Commonwealth v. Weatherholtz

By Judge Dennis L. Hupp

The defendant, Christine Ann Weatherholtz, was indicted on seven felony counts. Specifically, she was charged with committing forgery on February 20, 2002, forgery and grand larceny on April 29,2002, forgery and grand larceny on May 14,2002, and forgery and grand larceny on May 29,2002. While the larceny charges were brought under Virginia Code § 18.2-95, the arguments of counsel would suggest that each alleged larcenous act can be fairly described as larceny by false pretense.

The defendant has filed a pre-trial motion to dismiss two of the larceny charges, contending that the Commonwealth’s case can show only one larceny and not three. While I believe that this issue would be better raised on a motion to strike at the conclusion of the Commonwealth’s evidence, I will address it pretrial on the proffers of evidence and arguments of counsel.

As I understand those proffers of evidence, the defendant stole blank checks from one victim and thereafter forged four checks, each on a different date. Three of those checks were presented for payment at the Front Royal Credit Union, each on a different date corresponding with the date of the check. The cashing of each check whereby the defendant received money for the forged instrument is the basis of each larceny charge. As noted above, the defendant contends that these acts constituted one larceny under the “single larceny doctrine,” and the Commonwealth contends that there were three distinct and separate larcenies.

*382The cases submitted by counsel are instructive and helpful. “A series of larcenous acts will be considered a single count of larceny if they ‘are done pursuant to a single impulse and in execution of a general fraudulent scheme’.” Acey v. Commonwealth, 29 Va. App. 240, 247, 511 S.E.2d 429 (1999), citing West v. Commonwealth, 125 Va. 747, 754, 99 S.E. 654 (1919). The following factors must be considered in determining whether there was one larceny or separate larcenies: (1) the location of the items taken, (2) the lapse of time between the takings, (3) the general and specific intent of the taker, (4) the number of owners of the items taken, and (5) whether intervening events occurred between the takings. Acey, 29 Va. App. at 247. The primary factor is the intent of the thief. Richardson v. Commonwealth, 25 Va. App. 491, 497, 489 S.E.2d 697 (1997).

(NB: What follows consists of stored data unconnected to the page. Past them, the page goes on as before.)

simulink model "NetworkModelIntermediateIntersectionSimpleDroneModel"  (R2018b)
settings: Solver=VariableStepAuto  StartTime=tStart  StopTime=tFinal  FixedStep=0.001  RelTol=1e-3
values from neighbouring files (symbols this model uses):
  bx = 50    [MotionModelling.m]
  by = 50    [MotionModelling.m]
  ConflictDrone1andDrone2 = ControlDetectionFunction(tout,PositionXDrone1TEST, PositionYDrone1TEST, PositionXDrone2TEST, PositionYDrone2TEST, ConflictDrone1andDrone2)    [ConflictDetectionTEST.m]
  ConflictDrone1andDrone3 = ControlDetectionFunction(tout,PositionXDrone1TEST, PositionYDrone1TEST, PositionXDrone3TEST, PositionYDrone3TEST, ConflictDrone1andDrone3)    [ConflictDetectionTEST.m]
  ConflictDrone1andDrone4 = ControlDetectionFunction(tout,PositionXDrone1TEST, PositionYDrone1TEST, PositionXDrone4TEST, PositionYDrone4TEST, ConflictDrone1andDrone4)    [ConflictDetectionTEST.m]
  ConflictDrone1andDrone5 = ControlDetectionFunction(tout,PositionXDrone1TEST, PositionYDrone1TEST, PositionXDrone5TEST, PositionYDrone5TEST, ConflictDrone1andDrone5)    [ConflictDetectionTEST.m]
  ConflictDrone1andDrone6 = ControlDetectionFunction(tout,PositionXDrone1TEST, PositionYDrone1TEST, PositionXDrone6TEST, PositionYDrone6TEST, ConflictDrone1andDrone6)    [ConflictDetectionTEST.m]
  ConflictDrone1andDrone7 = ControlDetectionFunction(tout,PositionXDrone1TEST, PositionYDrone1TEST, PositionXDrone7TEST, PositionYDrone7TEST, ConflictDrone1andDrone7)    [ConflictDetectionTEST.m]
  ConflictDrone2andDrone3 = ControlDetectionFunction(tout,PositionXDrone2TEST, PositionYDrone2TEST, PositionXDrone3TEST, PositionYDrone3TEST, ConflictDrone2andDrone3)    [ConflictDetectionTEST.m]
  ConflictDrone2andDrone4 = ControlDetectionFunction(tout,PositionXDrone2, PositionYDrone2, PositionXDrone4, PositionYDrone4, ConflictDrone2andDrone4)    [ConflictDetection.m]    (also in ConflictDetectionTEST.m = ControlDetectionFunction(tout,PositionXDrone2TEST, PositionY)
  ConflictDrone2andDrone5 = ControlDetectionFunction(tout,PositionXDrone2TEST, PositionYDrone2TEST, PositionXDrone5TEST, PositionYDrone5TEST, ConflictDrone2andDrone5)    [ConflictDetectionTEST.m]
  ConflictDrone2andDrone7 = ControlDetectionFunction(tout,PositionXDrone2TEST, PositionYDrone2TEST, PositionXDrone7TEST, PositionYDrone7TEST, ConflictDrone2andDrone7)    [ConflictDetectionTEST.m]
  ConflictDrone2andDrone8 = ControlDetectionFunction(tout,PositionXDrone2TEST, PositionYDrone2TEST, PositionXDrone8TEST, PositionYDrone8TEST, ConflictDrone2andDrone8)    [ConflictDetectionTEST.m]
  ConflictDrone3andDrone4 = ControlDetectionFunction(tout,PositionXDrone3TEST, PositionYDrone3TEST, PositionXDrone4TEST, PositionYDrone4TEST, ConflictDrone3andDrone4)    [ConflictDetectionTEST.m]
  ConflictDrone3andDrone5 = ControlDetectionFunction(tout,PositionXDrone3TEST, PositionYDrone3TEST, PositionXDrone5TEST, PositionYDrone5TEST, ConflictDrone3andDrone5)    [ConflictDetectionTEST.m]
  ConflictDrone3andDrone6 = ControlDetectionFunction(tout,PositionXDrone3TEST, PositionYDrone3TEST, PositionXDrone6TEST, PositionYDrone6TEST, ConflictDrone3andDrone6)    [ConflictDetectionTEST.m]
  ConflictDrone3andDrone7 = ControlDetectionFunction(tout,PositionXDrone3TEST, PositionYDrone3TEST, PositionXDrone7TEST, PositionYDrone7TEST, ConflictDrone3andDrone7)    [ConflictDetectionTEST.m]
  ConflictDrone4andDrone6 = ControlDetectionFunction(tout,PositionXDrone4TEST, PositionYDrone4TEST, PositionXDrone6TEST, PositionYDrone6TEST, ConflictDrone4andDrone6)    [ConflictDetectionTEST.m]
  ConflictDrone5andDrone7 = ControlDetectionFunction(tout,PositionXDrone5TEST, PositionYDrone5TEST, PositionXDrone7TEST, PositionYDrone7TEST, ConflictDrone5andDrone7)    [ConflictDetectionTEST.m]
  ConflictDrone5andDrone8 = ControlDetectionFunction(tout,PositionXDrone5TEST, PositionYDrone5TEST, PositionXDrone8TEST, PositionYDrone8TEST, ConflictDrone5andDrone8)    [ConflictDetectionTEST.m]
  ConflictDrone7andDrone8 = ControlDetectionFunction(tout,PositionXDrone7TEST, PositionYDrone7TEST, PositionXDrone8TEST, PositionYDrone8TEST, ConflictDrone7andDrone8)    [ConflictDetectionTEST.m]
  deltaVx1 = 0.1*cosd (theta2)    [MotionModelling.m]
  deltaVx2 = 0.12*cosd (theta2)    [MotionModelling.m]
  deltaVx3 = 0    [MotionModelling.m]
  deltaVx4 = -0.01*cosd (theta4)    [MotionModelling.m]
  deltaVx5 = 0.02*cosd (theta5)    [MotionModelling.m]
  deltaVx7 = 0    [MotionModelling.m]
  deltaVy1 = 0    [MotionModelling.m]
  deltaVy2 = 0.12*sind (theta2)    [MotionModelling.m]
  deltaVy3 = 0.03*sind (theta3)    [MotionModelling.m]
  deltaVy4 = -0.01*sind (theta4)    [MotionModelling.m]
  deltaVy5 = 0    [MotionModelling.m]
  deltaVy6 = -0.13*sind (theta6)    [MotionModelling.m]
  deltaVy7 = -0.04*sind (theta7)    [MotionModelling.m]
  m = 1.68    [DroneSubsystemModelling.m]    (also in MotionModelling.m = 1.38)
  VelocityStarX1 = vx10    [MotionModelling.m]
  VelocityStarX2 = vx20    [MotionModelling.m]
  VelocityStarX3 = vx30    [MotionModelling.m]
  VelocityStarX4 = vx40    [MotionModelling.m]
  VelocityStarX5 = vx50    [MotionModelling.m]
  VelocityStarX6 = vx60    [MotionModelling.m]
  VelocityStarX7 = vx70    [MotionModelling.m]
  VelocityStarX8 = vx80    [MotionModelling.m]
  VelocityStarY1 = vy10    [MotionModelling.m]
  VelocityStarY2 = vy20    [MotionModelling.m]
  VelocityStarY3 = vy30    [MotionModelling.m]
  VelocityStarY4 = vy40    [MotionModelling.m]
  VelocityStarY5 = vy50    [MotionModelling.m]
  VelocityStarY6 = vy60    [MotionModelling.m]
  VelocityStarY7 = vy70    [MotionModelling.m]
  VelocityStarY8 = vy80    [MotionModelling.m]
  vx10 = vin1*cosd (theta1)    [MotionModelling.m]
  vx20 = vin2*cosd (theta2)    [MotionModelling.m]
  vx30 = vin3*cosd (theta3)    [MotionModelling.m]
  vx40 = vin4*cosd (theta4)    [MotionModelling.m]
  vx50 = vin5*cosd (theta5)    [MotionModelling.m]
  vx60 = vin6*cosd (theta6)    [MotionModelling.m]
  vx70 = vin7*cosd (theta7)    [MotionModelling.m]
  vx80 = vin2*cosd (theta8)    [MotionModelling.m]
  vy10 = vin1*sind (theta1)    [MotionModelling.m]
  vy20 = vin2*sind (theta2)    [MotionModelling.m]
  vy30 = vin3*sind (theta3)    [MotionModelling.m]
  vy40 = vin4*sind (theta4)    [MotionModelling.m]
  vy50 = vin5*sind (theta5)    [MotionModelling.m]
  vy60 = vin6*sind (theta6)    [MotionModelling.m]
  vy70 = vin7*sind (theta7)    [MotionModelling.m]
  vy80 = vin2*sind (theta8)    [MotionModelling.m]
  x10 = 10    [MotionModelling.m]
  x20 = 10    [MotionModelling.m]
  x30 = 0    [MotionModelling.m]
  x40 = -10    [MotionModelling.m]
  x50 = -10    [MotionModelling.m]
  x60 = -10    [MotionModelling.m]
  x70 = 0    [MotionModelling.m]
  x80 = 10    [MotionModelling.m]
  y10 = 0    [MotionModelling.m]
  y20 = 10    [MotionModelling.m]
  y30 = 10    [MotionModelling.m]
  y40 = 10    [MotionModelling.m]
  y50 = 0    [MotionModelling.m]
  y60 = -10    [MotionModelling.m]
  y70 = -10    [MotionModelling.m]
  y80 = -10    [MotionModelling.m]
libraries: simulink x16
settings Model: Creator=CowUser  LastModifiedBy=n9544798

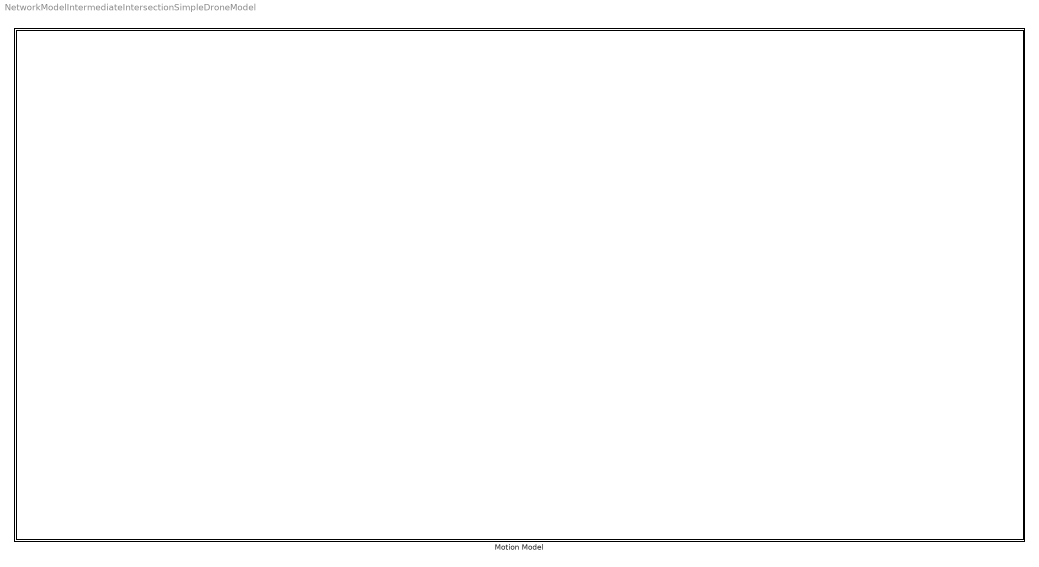
== system NetworkModelIntermediateIntersectionSimpleDroneModel ==
  Motion Model : Subsystem

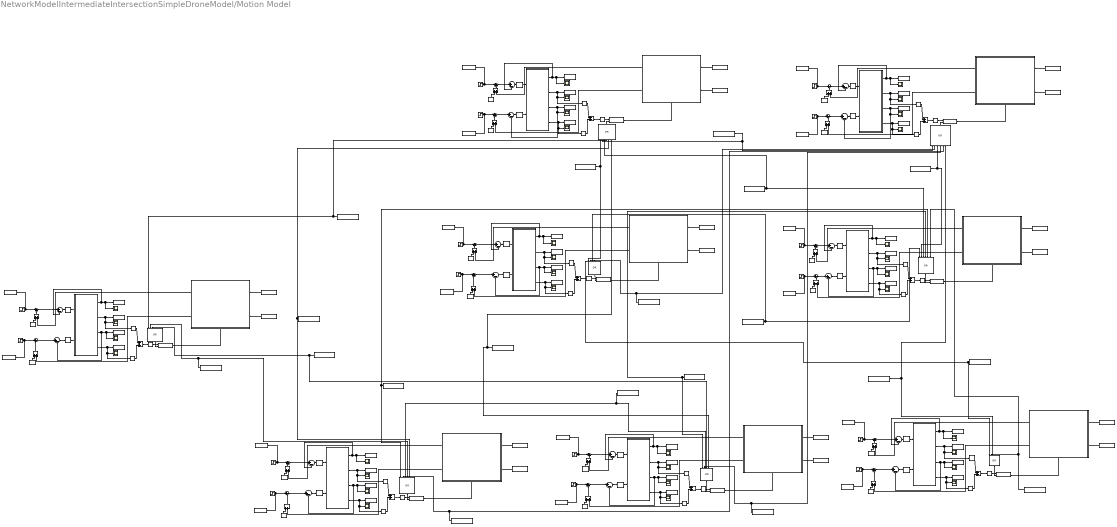
== system NetworkModelIntermediateIntersectionSimpleDroneModel/Motion Model ==
  note: Drone 2
  note: Intermediate Intersection
  note: Drone 4
  note: Sample 1
  note: Drone 1
  note: Drone 3
  note: Sample 2
  note: Sample 3
  note: Sample 4
  note: Sample 5
  note: Sample 6
  note: Sample 7
  note: Drone 5
  note: Sample 8
  note: Drone 7
  note: Sample 10
  note: Sample 9
  note: Sample 11
  note: Sample 13
  note: Sample 12
  note: Drone 6
  note: Sample 14
  note: Drone 4
  note: Sample 19
  note: Sample 18
  note: Sample 17
  note: Sample 16
  note: Sample 15
  Add{,1..23} (24 alike) : Sum
  Constant : Constant  Value=deltaVy2
  Constant1 : Constant  Value=ConflictDrone2andDrone4
  Constant10 : Constant  Value=ConflictDrone1andDrone3
  Constant11 : Constant  Value=deltaVy3
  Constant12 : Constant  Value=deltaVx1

“A single, general scheme to commit a series of larcenies at different times and locations does not transform multiple separate and discrete crimes into a single offense.” 25 Va. App. at 498. Even though the larcenous acts may have been committed pursuant to a general scheme or intent to steal, the crucial inquiry is “whether the thief was acting under the same impulse to steal at the time of both thefts.” Id.

In the present case, although the checks were taken at the same time, three checks were passed at different times albeit at the same location. A number of days elapsed between each uttering and, hence, between each larceny by false pretense. This does not suggest that the defendant was acting under the same “impulse,” and I believe that these circumstances show three discrete larcenies. In Richardson, the full Court of Appeals approved of the panel’s decision to consider thefts perpetrated by the same defendant on the same day but on different floors of MCV Hospital to be different larcenies, while ruling that the thefts of two purses at the same nurses’ station constituted one larceny. The court specifically noted that the thefts on the other floors did not result from the same impulse to steal.

In Millard v. Commonwealth, 34 Va. App. 202, 539 S.E.2d 84 (2000), it is specifically held that larceny by false pretense is a type of larceny subject to the single larceny doctrine. In that case, cited by the defendant, the three checks were all uttered at the same time and place and one lump sum, representing the total of the three checks, was delivered to the thief by the bank teller who cashed the checks. In those circumstances, the court held that there was one larceny and not three. Our case is materially different in that the three checks were uttered at three different times each separated by a number of days. The defendant acted on three different “impulses to steal.”

Please understand that nothing herein is a finding of guilt or reflective of any predisposition of the Court. The case will be decided by the trier of fact on *383the evidence presented at trial. I have addressed the issue in the manner I have because it was presented to the Court pre-trial on amotion to dismiss counts of the indictment.

This case is set for trial on January 14,2003.